Konseyimizi tarihi ve kültürlerin birleştiği bir şehir olan İstanbul'da düzenliyoruz. Dünyanın her yerinden insanların bir araya geldiği, önemli dersler taşıyan bir şehir. Bunlardan biri barış, diğeri kapsayıcılık ve son olarak dayanışma. Küresel olarak pek çok ülkede aşırı sağın yükselişine şahitlik ediyoruz ve ülkelerimizde bunun yıkıcı etkilerini yarattığı korku kültürünü görüyoruz. Farklı görüşlere sahip olan insanların susturulduğunu veya zulme uğradığını, toplumlarımızın izole edildiğini görüyoruz. Orta sınıfların veya düşük sınıfların yıllar boyunca edindiği kazanımların yeniden ellerinden alınmaya çalışıldığını görüyoruz. Bu insanlar aynı zamanda kadınların haklarını ellerinden almak, eşcinsel evlilikleri kanunsuz bir şey gibi göstermek için harekete geçmiş haldeler. Bu da bizim değerlerimizin karşısında yer alıyor. Biz demokrasiye inanıyoruz ve daha iyi bir geleceğe giden tek yolun çoğunluğun bu konuda göstereceği irade olması gerektiğini biliyoruz.
Onurumuz, daha iyi işler, daha iyi çalışma koşulları, kadınların hakları, fırsat eşitliği, azınlıkların hakları için çalışıyoruz. Fikirlerimiz, prensiplerimiz kapsayıcı bir sistemi öngörüyor. Demokrasi de en kapsayıcı sistemlerden biri. Elbette mükemmel bir sistem değil ama elimizdeki en iyi sistem bu. Bizim de özgür katılımı teşvik etmemiz, çoğunluk için çok iyi sonuçlar elde etmek üzere çalışmamız gerekiyor.
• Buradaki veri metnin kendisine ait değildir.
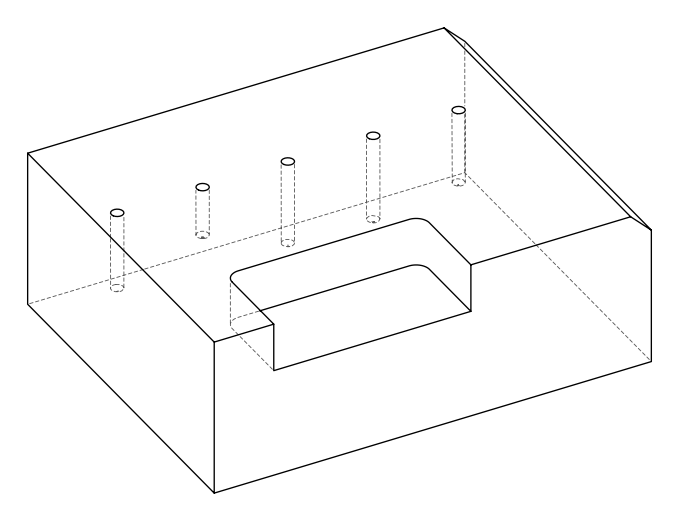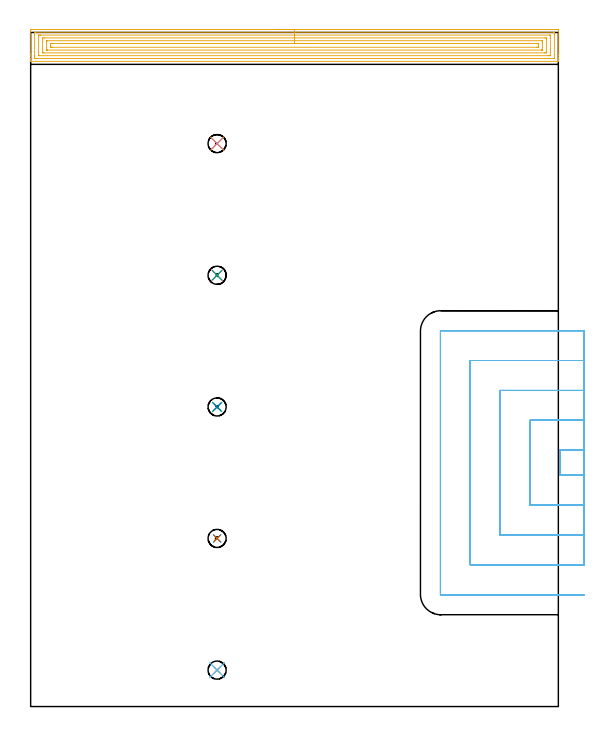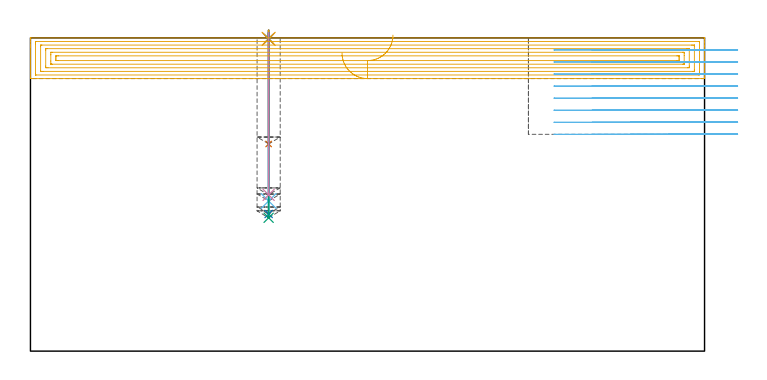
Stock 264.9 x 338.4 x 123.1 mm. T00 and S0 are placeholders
(PLAN: 12 operations, 3 tool changes, 36.8 min)
(1 SPOT_DRILL | STEP1POCKET | NXT0321_9005460120000 | 0.03 min | 1 mm3)
(2 SPOT_DRILL_1 | STEP1POCKET_1 | NXT0321_9005460120000 | 0.03 min | 1 mm3)
(3 SPOT_DRILL_2 | STEP1POCKET_2 | NXT0321_9005460120000 | 0.03 min | 1 mm3)
(4 SPOT_DRILL_3 | STEP1POCKET_3 | NXT0321_9005460120000 | 0.03 min | 1 mm3)
(5 SPOT_DRILL_4 | STEP1POCKET_4 | NXT0321_9005460120000 | 0.03 min | 1 mm3)
(6 DRILL_BLIND_HOLE_INTO_CENTER | STEP1POCKET | UGT0301_206 | 0.27 min | 4034 mm3)
(7 DRILL_BLIND_HOLE_INTO_CENTER_1 | STEP1POCKET_1 | UGT0301_206 | 0.18 min | 2582 mm3)
(8 DRILL_BLIND_HOLE_INTO_CENTER_2 | STEP1POCKET_2 | UGT0301_206 | 0.29 min | 4364 mm3)
(9 DRILL_BLIND_HOLE_INTO_CENTER_3 | STEP1POCKET_3 | UGT0301_206 | 0.29 min | 4461 mm3)
(10 DRILL_BLIND_HOLE_INTO_CENTER_4 | STEP1POCKET_4 | UGT0301_206 | 0.26 min | 3877 mm3)
(11 AREA_MILL | FG_CHAMFER_SURFACE | UGT0205_001 | 13.01 min | 33910 mm3)
(12 MILL_SLOT | SLOT_PARTIAL_RECTANGULAR | UGT0201_094 | Follow Part, ap 5, ae 75% | 22.39 min | 398561 mm3)
(TOOL NXT0321_9005460120000 | NC Spot Drill, 142deg, 12mm, Carbide, Uncoated | D12 PA142 FL30 Z2)
(TOOL UGT0301_206 | Twist Drill 9.1 mm | D9.1 PA118 FL78 Z2)
(TOOL UGT0205_001 | Chamfer Mill 20 x 3 x 45 deg. | D20 FL50 Z2)
(TOOL UGT0201_094 | End mill 20 mm | D20 FL38 Z4)
(OP 1 SPOT_DRILL)
G17 G21 G94 G90
T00 M6
G54
G17 G0 G90 X93.6 Y18.3 S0 M3
G43 Z133.1 H0
G94 G81 G98 Z122.708 F250. R126.1
G80
M5
M2
(OP 2 SPOT_DRILL_1)
G17 G21 G94 G90
T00 M6
G54
G17 G0 G90 X93.6 Y84.4 S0 M3
G43 Z133.1 H0
G94 G81 G98 Z122.708 F250. R126.1
G80
M5
M2
(OP 3 SPOT_DRILL_2)
G17 G21 G94 G90
T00 M6
G54
G17 G0 G90 X93.6 Y150.4 S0 M3
G43 Z133.1 H0
G94 G81 G98 Z122.708 F250. R126.1
G80
M5
M2
(OP 4 SPOT_DRILL_3)
G17 G21 G94 G90
T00 M6
G54
G17 G0 G90 X93.6 Y216.5 S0 M3
G43 Z133.1 H0
G94 G81 G98 Z122.708 F250. R126.1
G80
M5
M2
(OP 5 SPOT_DRILL_4)
G17 G21 G94 G90
T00 M6
G54
G17 G0 G90 X93.6 Y282.6 S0 M3
G43 Z133.1 H0
G94 G81 G98 Z122.708 F250. R126.1
G80
M5
M2
(OP 6 DRILL_BLIND_HOLE_INTO_CENTER)
G17 G21 G94 G90
T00 M6
G54
G17 G0 G90 X93.6 Y18.3 S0 M3
G43 Z133.1 H0
G94 G81 G98 Z59. F250. R125.1
G80
M5
M2
(OP 7 DRILL_BLIND_HOLE_INTO_CENTER_1)
G17 G21 G94 G90
T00 M6
G54
G17 G0 G90 X93.6 Y84.4 S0 M3
G43 Z133.1 H0
G94 G81 G98 Z81.4 F250. R125.1
G80
M5
M2
(OP 8 DRILL_BLIND_HOLE_INTO_CENTER_2)
G17 G21 G94 G90
T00 M6
G54
G17 G0 G90 X93.6 Y150.4 S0 M3
G43 Z133.1 H0
G94 G81 G98 Z53.9 F250. R125.1
G80
M5
M2
(OP 9 DRILL_BLIND_HOLE_INTO_CENTER_3)
G17 G21 G94 G90
T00 M6
G54
G17 G0 G90 X93.6 Y216.5 S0 M3
G43 Z133.1 H0
G94 G81 G98 Z52.4 F250. R125.1
G80
M5
M2
(OP 10 DRILL_BLIND_HOLE_INTO_CENTER_4)
G17 G21 G94 G90
T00 M6
G54
G17 G0 G90 X93.6 Y282.6 S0 M3
G43 Z133.1 H0
G94 G81 G98 Z61.4 F250. R125.1
G80
M5
M2
(OP 11 AREA_MILL)
G17 G21 G94 G90
T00 M6
G54
G17 G0 G90 X122.45 Y339.9 S1061 M3
G43 Z133.1 H0
Z117.1
G94 G1 X122.488 Z116.228 F250.
X122.602 Z115.364
X122.791 Z114.512
X123.053 Z113.68
X123.387 Z112.874
X123.79 Z112.1
X124.258 Z111.364
X124.79 Z110.672
X125.379 Z110.029
X126.022 Z109.44
X126.714 Z108.908
X127.45 Z108.44
X128.224 Z108.037
X129.03 Z107.703
X129.862 Z107.441
X130.713 Z107.252
X131.578 Z107.138
X132.45 Z107.1
X264.277
X264.682 Y339.896 Z107.102
X264.89 Y339.892 Z107.106
X264.9 Y339.681 Z107.317
Y327.038 Z119.956
Y325.62 Z121.376
Y325.27 Z121.725
Y324.572 Z122.428
Y324.284 Z122.715
Y323.917 Z123.073
X264.892 Y323.902 Z123.088
X264.724 Y323.9 Z123.1
X0.177
X0.008 Y323.903 Z123.088
X0. Y323.917 Z123.073
Y324.284 Z122.715
Y324.572 Z122.428
Y325.27 Z121.725
Y326.504 Z120.493
Y327.038 Z119.956
Y327.655 Z119.34
Y339.414 Z107.584
X0.002 Y339.683 Z107.315
X0.01 Y339.892 Z107.106
X0.221 Y339.899 Z107.099
X132.45 Y339.9 Z107.1
Y338.486 Z108.514
X262.534 Y338.485 Z108.515
X262.884 Y338.479 Z108.521
X262.89 Y338.366 Z108.634
X262.897 Y338.126 Z108.874
X262.899 Y337.646 Z109.354
X262.9 Y337.239 Z109.761
X262.899 Y325.749 Z121.251
X262.892 Y325.342 Z121.658
X262.89 Y325.32 Z121.68
X262.885 Y325.319 Z121.681
X262.861 Y325.316 Z121.684
X262.808 Y325.315 Z121.685
X262.701 Y325.314 Z121.686
X2.366 Y325.315 Z121.685
X2.016 Y325.321 Z121.679
X2.01 Y325.434 Z121.566
X2.003 Y325.674 Z121.326
X2.001 Y326.154 Z120.846
X2. Y326.561 Z120.439
X2.001 Y338.051 Z108.949
X2.008 Y338.458 Z108.542
X2.01 Y338.48 Z108.52
X2.015 Y338.482 Z108.518
X2.039 Y338.484 Z108.516
X2.092 Y338.485 Z108.515
X2.199 Y338.486 Z108.514
X132.45
Y337.072 Z109.928
X260.389 Y337.071 Z109.929
X260.702 Y337.07 Z109.93
X260.806 Y337.068 Z109.932
X260.88 Y337.065 Z109.935
X260.89 Y336.958 Z110.042
X260.896 Y336.762 Z110.238
X260.9 Y336.566 Z110.434
Y327.038 Z119.962
X260.899 Y326.843 Z120.157
X260.893 Y326.777 Z120.223
X260.888 Y326.735 Z120.265
X260.857 Y326.733 Z120.267
X260.702 Y326.731 Z120.269
X260.121 Y326.729 Z120.271
X259.808 Y326.728 Z120.272
X4.511 Y326.729 Z120.271
X4.198 Y326.73 Z120.27
X4.094 Y326.732 Z120.268
X4.02 Y326.735 Z120.265
X4.01 Y326.842 Z120.158
X4.004 Y327.038 Z119.962
X4.001 Y327.234 Z119.766
X4. Y336.762 Z110.238
X4.001 Y336.957 Z110.043
X4.007 Y337.023 Z109.977
X4.012 Y337.065 Z109.935
X4.043 Y337.067 Z109.933
X4.198 Y337.069 Z109.931
X4.779 Y337.071 Z109.929
X5.092 Y337.072 Z109.928
X132.45
Y335.657 Z111.343
X258.244
X258.775 Y335.65 Z111.35
X258.89 Y335.637 Z111.363
X258.896 Y335.432 Z111.568
X258.9 Y335.008 Z111.992
Y328.806 Z118.194
X258.896 Y328.371 Z118.629
X258.89 Y328.16 Z118.84
X258.684 Y328.149 Z118.851
X258.02 Y328.143 Z118.857
X6.656
X6.125 Y328.15 Z118.85
X6.01 Y328.163 Z118.837
X6.004 Y328.369 Z118.631
X6. Y328.792 Z118.208
Y334.994 Z112.006
X6.004 Y335.429 Z111.571
X6.01 Y335.64 Z111.36
X6.215 Y335.651 Z111.349
X6.88 Y335.657 Z111.343
X132.45
Y334.243 Z112.757
X256.368
X256.637 Y334.241 Z112.759
X256.816 Y334.238 Z112.762
X256.878 Y334.236 Z112.764
X256.89 Y334.229 Z112.771
X256.893 Y334.204 Z112.796
X256.896 Y334.11 Z112.89
X256.9 Y333.45 Z113.55
Y333.226 Z113.774
Y330.798 Z116.202
Y329.915 Z117.085
X256.897 Y329.69 Z117.31
X256.894 Y329.608 Z117.392
X256.891 Y329.573 Z117.427
X256.771 Y329.564 Z117.436
X256.502 Y329.559 Z117.441
X256.367 Y329.557 Z117.443
X8.532
X8.263 Y329.559 Z117.441
X8.083 Y329.562 Z117.438
X8.022 Y329.564 Z117.436
X8.01 Y329.571 Z117.429
X8.007 Y329.596 Z117.404
X8.004 Y329.69 Z117.31
X8. Y330.35 Z116.65
Y330.574 Z116.426
Y333.002 Z113.998
Y333.885 Z113.115
X8.003 Y334.11 Z112.89
X8.006 Y334.192 Z112.808
X8.009 Y334.227 Z112.773
X8.129 Y334.236 Z112.764
X8.398 Y334.241 Z112.759
X8.533 Y334.243 Z112.757
X132.45
Y332.829 Z114.171
X253.953
X254.445 Y332.827 Z114.173
X254.853 Y332.823 Z114.177
X254.89 Y332.82 Z114.18
X254.896 Y332.781 Z114.219
X254.899 Y332.342 Z114.658
X254.9 Y331.893 Z115.107
X254.899 Y331.458 Z115.542
X254.895 Y331.013 Z115.987
X254.891 Y330.983 Z116.017
X254.873 Y330.978 Z116.022
X254.814 Y330.975 Z116.025
X254.692 Y330.973 Z116.027
X254.445 Y330.971 Z116.029
X254.044
X10.947
X10.455 Y330.973 Z116.027
X10.047 Y330.977 Z116.023
X10.01 Y330.98 Z116.02
X10.004 Y331.019 Z115.981
X10.001 Y331.458 Z115.542
X10. Y331.907 Z115.093
X10.001 Y332.342 Z114.658
X10.005 Y332.787 Z114.213
X10.009 Y332.817 Z114.183
X10.026 Y332.822 Z114.178
X10.086 Y332.825 Z114.175
X10.208 Y332.827 Z114.173
X10.455 Y332.829 Z114.171
X10.856
X132.45
X133.322 Z114.209
X134.186 Z114.323
X135.038 Z114.512
X135.87 Z114.774
X136.676 Z115.108
X137.45 Z115.511
X138.186 Z115.98
X138.878 Z116.511
X139.521 Z117.1
X140.11 Z117.743
X140.641 Z118.435
X141.11 Z119.171
X141.513 Z119.945
X141.847 Z120.751
X142.109 Z121.583
X142.298 Z122.435
X142.412 Z123.3
X142.45 Z124.171
G0 Z133.1
M5
M2
(OP 12 MILL_SLOT)
G17 G21 G94 G90
T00 M6
G54
G17 G0 G90 X277.9 Y128.7 S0 M3
G43 Z133.1 H0
Z118.362
G94 G1 X274.9 F250.
X265.7 F500.
Y116.1
X274.9
X277.9 F250.
Y143.7
X274.9
X250.7 F500.
Y101.1
X274.9
X277.9 F250.
Y158.7
X274.9
X235.7 F500.
Y86.1
X274.9
X277.9 F250.
Y173.7
X274.9
X220.7 F500.
Y71.1
X274.9
X277.9 F250.
Y188.7
X274.9
X205.9 F500.
G3 X205.7 Y188.5 R0.2
G1 Y56.3
G3 X205.9 Y56.1 R0.2
G1 X274.9
X277.9 F250.
G0 Y128.7 Z113.625
G1 X274.9
X265.7 F500.
Y116.1
X274.9
X277.9 F250.
Y143.7
X274.9
X250.7 F500.
Y101.1
X274.9
X277.9 F250.
Y158.7
X274.9
X235.7 F500.
Y86.1
X274.9
X277.9 F250.
Y173.7
X274.9
X220.7 F500.
Y71.1
X274.9
X277.9 F250.
Y188.7
X274.9
X205.9 F500.
G3 X205.7 Y188.5 R0.2
G1 Y56.3
G3 X205.9 Y56.1 R0.2
G1 X274.9
X277.9 F250.
G0 Y128.7 Z108.887
G1 X274.9
X265.7 F500.
Y116.1
X274.9
X277.9 F250.
Y143.7
X274.9
X250.7 F500.
Y101.1
X274.9
X277.9 F250.
Y158.7
X274.9
X235.7 F500.
Y86.1
X274.9
X277.9 F250.
Y173.7
X274.9
X220.7 F500.
Y71.1
X274.9
X277.9 F250.
Y188.7
X274.9
X205.9 F500.
G3 X205.7 Y188.5 R0.2
G1 Y56.3
G3 X205.9 Y56.1 R0.2
G1 X274.9
X277.9 F250.
G0 Y128.7 Z104.15
G1 X274.9
X265.7 F500.
Y116.1
X274.9
X277.9 F250.
Y143.7
X274.9
X250.7 F500.
Y101.1
X274.9
X277.9 F250.
Y158.7
X274.9
X235.7 F500.
Y86.1
X274.9
X277.9 F250.
Y173.7
X274.9
X220.7 F500.
Y71.1
X274.9
X277.9 F250.
Y188.7
X274.9
X205.9 F500.
G3 X205.7 Y188.5 R0.2
G1 Y56.3
G3 X205.9 Y56.1 R0.2
G1 X274.9
X277.9 F250.
G0 Y128.7 Z99.412
G1 X274.9
X265.7 F500.
Y116.1
X274.9
X277.9 F250.
Y143.7
X274.9
X250.7 F500.
Y101.1
X274.9
X277.9 F250.
Y158.7
X274.9
X235.7 F500.
Y86.1
X274.9
X277.9 F250.
Y173.7
X274.9
X220.7 F500.
Y71.1
X274.9
X277.9 F250.
Y188.7
X274.9
X205.9 F500.
G3 X205.7 Y188.5 R0.2
G1 Y56.3
G3 X205.9 Y56.1 R0.2
G1 X274.9
X277.9 F250.
G0 Y128.7 Z94.675
G1 X274.9
X265.7 F500.
Y116.1
X274.9
X277.9 F250.
Y143.7
X274.9
X250.7 F500.
Y101.1
X274.9
X277.9 F250.
Y158.7
X274.9
X235.7 F500.
Y86.1
X274.9
X277.9 F250.
Y173.7
X274.9
X220.7 F500.
Y71.1
X274.9
X277.9 F250.
Y188.7
X274.9
X205.9 F500.
G3 X205.7 Y188.5 R0.2
G1 Y56.3
G3 X205.9 Y56.1 R0.2
G1 X274.9
X277.9 F250.
G0 Y128.7 Z89.937
G1 X274.9
X265.7 F500.
Y116.1
X274.9
X277.9 F250.
Y143.7
X274.9
X250.7 F500.
Y101.1
X274.9
X277.9 F250.
Y158.7
X274.9
X235.7 F500.
Y86.1
X274.9
X277.9 F250.
Y173.7
X274.9
X220.7 F500.
Y71.1
X274.9
X277.9 F250.
Y188.7
X274.9
X205.9 F500.
G3 X205.7 Y188.5 R0.2
G1 Y56.3
G3 X205.9 Y56.1 R0.2
G1 X274.9
X277.9 F250.
G0 Y128.7 Z85.2
G1 X274.9
X265.7 F500.
Y116.1
X274.9
X277.9 F250.
Y143.7
X274.9
X250.7 F500.
Y101.1
X274.9
X277.9 F250.
Y158.7
X274.9
X235.7 F500.
Y86.1
X274.9
X277.9 F250.
Y173.7
X274.9
X220.7 F500.
Y71.1
X274.9
X277.9 F250.
Y188.7
X274.9
X205.9 F500.
G3 X205.7 Y188.5 R0.2
G1 Y56.3
G3 X205.9 Y56.1 R0.2
G1 X274.9
X277.9 F250.
G0 Z133.1
M5
M2

"DEMOKRASİ İÇİN BU ODADAKİ HERKES PEK ÇOK ŞEYİ FEDA ETTİ"
"Bu odadaki herkes demokrasiyi savunmak için çok şeyi feda etti, Türkiye'deki yoldaşlarımızın yanındayız"
Demokrasi iktidarı ve muhalefeti içeren, vatandaşların oylarına saygı duyulmasını gerektiren bir dengeler sistemidir. Demokrasiyi savunmak için bu odadaki herkes pek çok şeyi feda etti. Zor zamanlardan geçiyoruz, pek çok dostumuz hapiste. Belarus'taki, Nijer'deki, Venezuela'daki ve Türkiye'deki yoldaşlarımızın yanındayız. Koruma ihtiyacı duyan herkesin yanındayız. Çünkü artık çok önemli bir şey tehlikede. Hiçbir siyasal ideoloji bu akımın karşısında bizim durabildiğimiz gibi duramaz. Güçlüyüz ve kazanacağız. Küresel zorluklar, küresel iş birliği gerektiriyor çünkü hiçbirimiz tek başına bunların üstesinden gelemeyiz".
ÇALIŞMA YEMEĞİNDE BULUŞMA
CHP Genel Başkanı Özgür Özel, Sosyalist Enternasyonal toplantılarının başlangıcında Sosyalist Enternasyonal Prezidyum üyeleri ile çalışma yemeğinde bir araya gelmişti.